ある証券会社アナリストは「ホリエモンが言ったのは、事業提携を進める象徴として、フジと直接的な資本関係を結んで、株式を持ち合いたいということだろう」と話す。これに対してフジは、フジサンケイグループへの介入を断念するよう求め、株式持ち合いの交渉には踏み込まない姿勢とみられる。
株式持ち合いのもともとの狙いは、安定株主をつくって敵対的な買収を防ぐことにある。実際、フジはライブドアの買収攻勢への防御力を高めるため、「安定株主づくり」に乗り出した。取引関係の深い数十社に対して、フジ株を追加的に市場から買い入れ、長期保有するよう要請していることが先月末に分かった。
ライブドア騒動にとどまらず、株式市場では、これまで企業同士、企業と金融機関との間で解消が進んでいた株式持ち合いが、一転して、見直されるという見方が出ている。
新日本製鉄、住友金属工業、神戸製鋼所の三社は三月三十日、提携を拡大・深化させて、互いの持ち合い比率を引き上げる方向で検討に入ったと発表した。
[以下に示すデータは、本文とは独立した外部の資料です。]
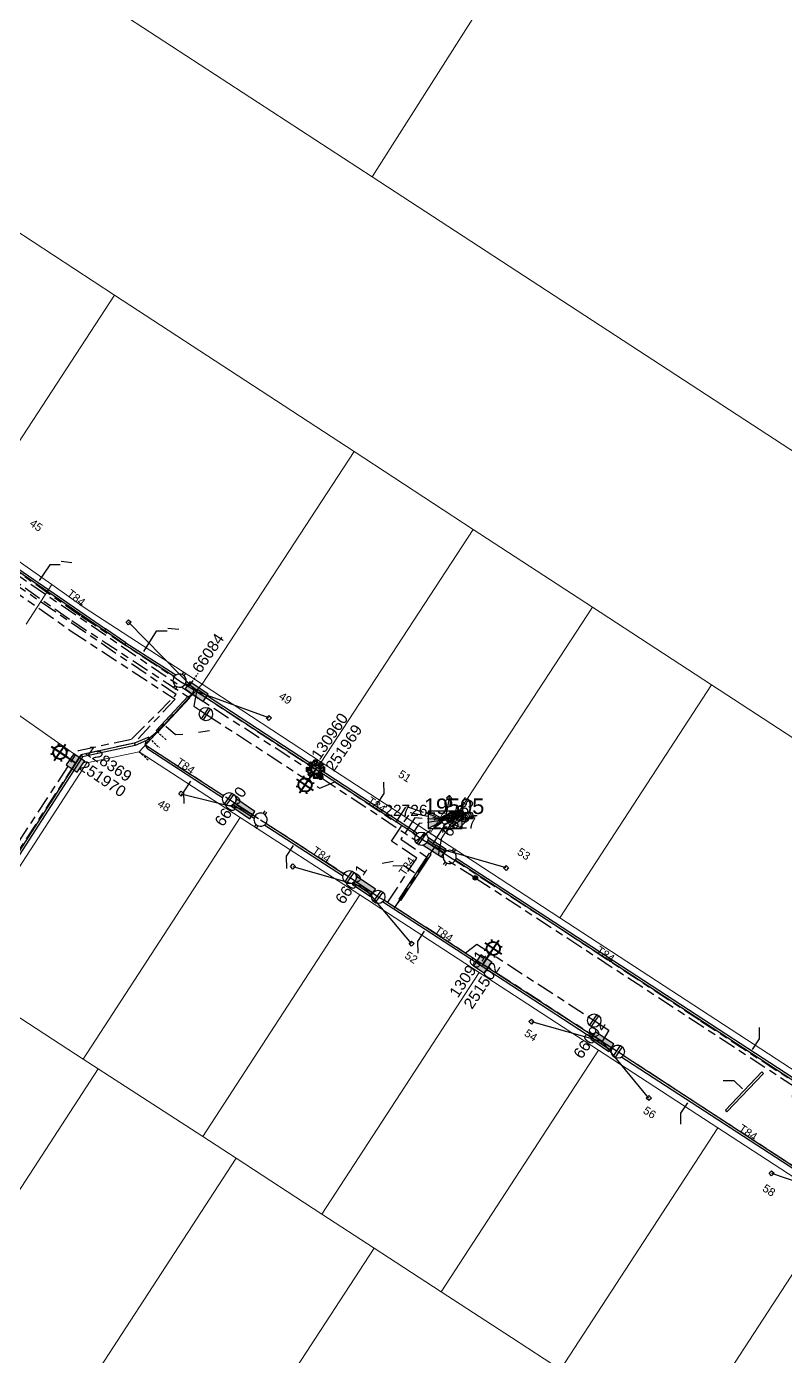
# Model space of a CAD drawing. Header units: metres. Extents: x 0 to 294317, y 0 to 6233398.
# Drawn here: x 292582.2 to 292752.8, y 6231529.6 to 6231828.6 of the extents above; entities that cross this region are included whole.
import ezdxf
from ezdxf import colors
from ezdxf.entities.mleader import LeaderData, LeaderLine
from ezdxf.enums import TextEntityAlignment as Align
from ezdxf.math import Vec2, Vec3

# ---------------------------------------------------------------- set-up
doc = ezdxf.new("R2010")
doc.units = ezdxf.units.M
for name, pattern in [('Cable Exist UG', [8.2, 4, -1.2, 1.8, -1.2]), ('DASHED', [0.75, 0.5, -0.25]), ('HIDDEN', [0.375, 0.25, -0.125]), ('HIDDEN2', [0.1875, 0.125, -0.0625])]:
    doc.linetypes.add(name, pattern=pattern)
doc.layers.get('0').update_dxf_attribs({"color": 6})
for name, color, linetype in [('_User Miscellaneous1', 7, 'Continuous'), ('Duct_SP_EXT', 7, 'Continuous'), ('Equip_HV_EXT', 7, 'Continuous'), ('Equip_LV_EXT', 7, 'Continuous'), ('Equip_SP_SL_EXT', 7, 'Continuous'), ('Mains_HV_EXT', 7, 'Continuous'), ('Mains_LV_EXT', 7, 'Continuous'), ('Mains_LV_SL_EXT', 7, 'Continuous'), ('Services_SP_EXT', 7, 'Continuous'), ('Sub_SP_EXT', 7, 'Continuous'), ('SupportsUG_SP_LV_EXT', 7, 'Continuous'), ('SupportsUG_SP_LV_SL_EXT', 7, 'Continuous'), ('Trench_SP_EXT', 7, 'Continuous')]:
    doc.layers.add(name, color=color, linetype=linetype)
for name, color, linetype, lineweight in [('Cadastre Buildings_SP_EXT', 9, 'Continuous', 5), ('Cadastre Land Parcels_SP_EXT', 9, 'Continuous', 5), ('Cadastre Other Property_SP_EXT', 9, 'HIDDEN', 5), ('Cadastre Roads_SP_EXT', 9, 'Continuous', 5)]:
    doc.layers.add(name, color=color, linetype=linetype, lineweight=lineweight)
doc.layers.add('UNKNOWN_FEATURES', color=1, linetype='DASHED', plot=False)
doc.styles.add('COLUMN_LABEL', font='arial.ttf')
doc.styles.add('iecARIAL', font='arial.ttf', dxfattribs={"height": 2})
doc.styles.add('POLE_LABEL', font='arial.ttf')
doc.styles.get("Standard").update_dxf_attribs({"font": 'arial.ttf'})
doc.styles.add('SWITCH_LABEL', font='arial.ttf', dxfattribs={"height": 2.5})

# ---------------------------------------------------------------- blocks, each defined once
blk = doc.blocks.new('SUB_PADMOUNT_EXT')
for points in [[(0, 0), (-3.84, 1.92), (-3.84, -1.92)], [(0, 0), (3.84, 1.92), (3.84, -1.92)]]:
    blk.add_hatch(color=256).paths.add_polyline_path(points)
for p, q in [((3.84, 1.92), (-3.84, -1.92)), ((-3.84, 1.92), (3.84, -1.92))]:
    blk.add_line(p, q)
blk.add_lwpolyline([(-3.84, -1.92), (3.84, -1.92), (3.84, 1.92), (-3.84, 1.92)], close=True)
for tag, height, flags, p in [('ASSET_NUM', 3.5, 8, (2, 2)), ('STREET_CODE', 0.2, 9, (1.5, 0)), ('CONSTRUCTED_VOLTAGE', 0.2, 9, (1.5, -0.2)), ('OPERATING_VOLTAGE', 0.2, 9, (1.5, -0.6)), ('ORIENTATION', 0.2, 9, (1.5, -0.8)), ('OWNED_BY', 0.2, 9, (1.5, -1)), ('OPERATED_BY', 0.2, 9, (1.5, -1.2)), ('SECONDARY_VOLTAGE', 0.2, 9, (1.5, -1.6)), ('STATE', 0.2, 9, (1.5, -1.8)), ('SUBSTATION_TYPE', 0.2, 9, (1.5, -2.2)), ('STREETNAME', 0.2, 9, (1.5, -3)), ('NO_PHASES', 0.2, 9, (1.5, -0.4)), ('MAINTAINED_BY', 0.2, 9, (1.5, -1.4)), ('PARENT', 0.2, 9, (1.5, -2)), ('USAGE', 0.2, 9, (1.5, -2.4)), ('LEGEND', 0.2, 9, (1.5, -2.6)), ('LOCATION', 0.2, 9, (1.5, -2.8)), ('SUBURB', 0.2, 9, (1.5, -3.2)), ('Z', 0.2, 1, (1.5, -3.6)), ('NOTES', 0.2, 9, (1.5, -3.4))]:
    blk.add_attdef(tag, text='', height=height, dxfattribs=dict(flags=flags)).set_placement(p, align=Align.MIDDLE_LEFT)
blk = doc.blocks.new('COLUMN_EXT')
blk.add_hatch(color=256).paths.add_polyline_path([(-1.49, 1.48), (-1.49, -1.49), (1.48, -1.49), (1.48, 1.48)])
blk.add_lwpolyline([(-1.49, -1.49), (1.48, -1.49), (1.48, 1.48), (-1.49, 1.48)], close=True)
for tag, height, style, flags, p in [('ASSET_NUM', 2.5, 'COLUMN_LABEL', 8, (2, 2)), ('STRUCTURE_PLANT_NUMBER', 0.2, 'POLE_LABEL', 9, (1.81, 0.03)), ('STREET_CODE', 0.2, 'COLUMN_LABEL', 9, (1.81, -0.2))]:
    blk.add_attdef(tag, text='', height=height, dxfattribs=dict(style=style, flags=flags)).set_placement(p, align=Align.MIDDLE_LEFT)
at = {"flags": 1}
blk.add_attdef('Z', (1.81, -2.35), '', height=0.2, dxfattribs=at)
at = {"flags": 9}
for tag, p in [('COLUMN_TYPE', (1.81, -0.4)), ('OWNED_BY', (1.81, -0.6)), ('STATE', (1.81, -0.8)), ('USAGE', (1.81, -1)), ('STREETNAME', (1.81, -1.6)), ('SUBURB', (1.81, -1.8)), ('LEGEND', (1.81, -1.2)), ('LOCATION', (1.81, -1.4)), ('NOTES', (1.81, -2))]:
    blk.add_attdef(tag, text='', height=0.2, dxfattribs=at).set_placement(p, align=Align.MIDDLE_LEFT)
blk = doc.blocks.new('PILLAR_EXT')
blk.add_hatch(color=256).paths.add_polyline_path([(-2.475, 0.99), (-2.475, -0.99), (2.475, -0.99), (2.475, 0.99)])
blk.add_lwpolyline([(-2.475, -0.99), (2.475, -0.99), (2.475, 0.99), (-2.475, 0.99)], close=True)
at = {"style": 'iecARIAL', "flags": 8}
blk.add_attdef('ASSET_NUM', (1.5, 3.5), '', height=2.5, dxfattribs=at)
for tag, p, flags in [('OWNED_BY', (0, -0.2), 9), ('STATE', (0, -0.4), 9), ('SUPPORT_TYPE', (0, -0.6), 9), ('STREETNAME', (0, -1.8), 9), ('SUBURB', (0, -2), 1), ('USAGE', (0, -0.8), 9), ('LEGEND', (0, -1), 9), ('LOCATION', (0, -1.2), 9), ('NOTES', (0, -1.4), 9), ('PARENT', (0, -1.6), 9)]:
    blk.add_attdef(tag, p, '', height=0.2, dxfattribs=dict(flags=flags))
blk = doc.blocks.new('SL_LANTERN_EXT')
at = {"lineweight": 40}
for p, q in [((0, 1.97), (0, 6.47)), ((-2.25, 4.22), (2.25, 4.22)), ((-1.46, 5.68), (-1.06, 5.28)), ((-1.46, 2.76), (-1.06, 3.16)), ((1.46, 5.68), (1.06, 5.28)), ((1.46, 2.76), (1.06, 3.16)), ((0, 0), (0, 2.72))]:
    blk.add_line(p, q, dxfattribs=at)
blk.add_circle((0, 4.22), 1.5, dxfattribs=at)
at = {"style": 'iecARIAL', "flags": 8}
blk.add_attdef('ASSET_NUM', (1.5, 1.5), '', height=2.5, dxfattribs=at)
for tag, p, height, flags in [('OPERATING_VOLTAGE', (0.98, -1.65), 0.2, 9), ('ORIENTATION', (0.98, -1.85), 0.2, 9), ('OWNED_BY', (0.98, -2.05), 0.2, 9), ('STATE', (0.98, -2.25), 0.2, 9), ('CONSTRUCTED_VOLTAGE', (0.98, -0.65), 0.2, 9), ('CONTROL_TYPE', (0.98, -0.85), 0.2, 9), ('LANTERN_PURPOSE', (0.98, -1.05), 0.2, 9), ('LANTERN_TYPE', (0.98, -1.25), 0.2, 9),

三村明夫・新日鉄社長は「日本の鉄鋼業界の株価からみて、常に敵対的買収の対象となる可能性がある。潜在的な脅威に備える」と、外資などによる敵対的な買収を防ぐ狙いを説明した。
■「白馬の騎士」に変身の可能性も
さらに同三十一日、新日本石油とコスモ石油が、相互に株式を持ち合って関係を強化すると同時に、敵対的買収にも備えると発表した。両社は業務提携してきたが、相手側の株式を取得するのは初めてで、株式持ち合い比率は1%前後。買収防衛策としてはわずかながら、いずれかが買収攻勢に遭った際、ホワイトナイト(白馬の騎士)として助け舟を出す可能性を示す。
株式市場も、これらの株式持ち合い策を発表した直後、新日鉄、新日本石油やコスモ石油が値を上げるなどしており、持ち合い復活を好感したかに見える。
「持ち合い解消の動きは十数年続き、すでに解消売りも一巡した。しかし、買収防衛の観点からみて、はたして持ち合い解消が良かったのかどうか、という声が企業の間で出ている」と言うのは新光証券エクイティ情報部長の申谷昇氏。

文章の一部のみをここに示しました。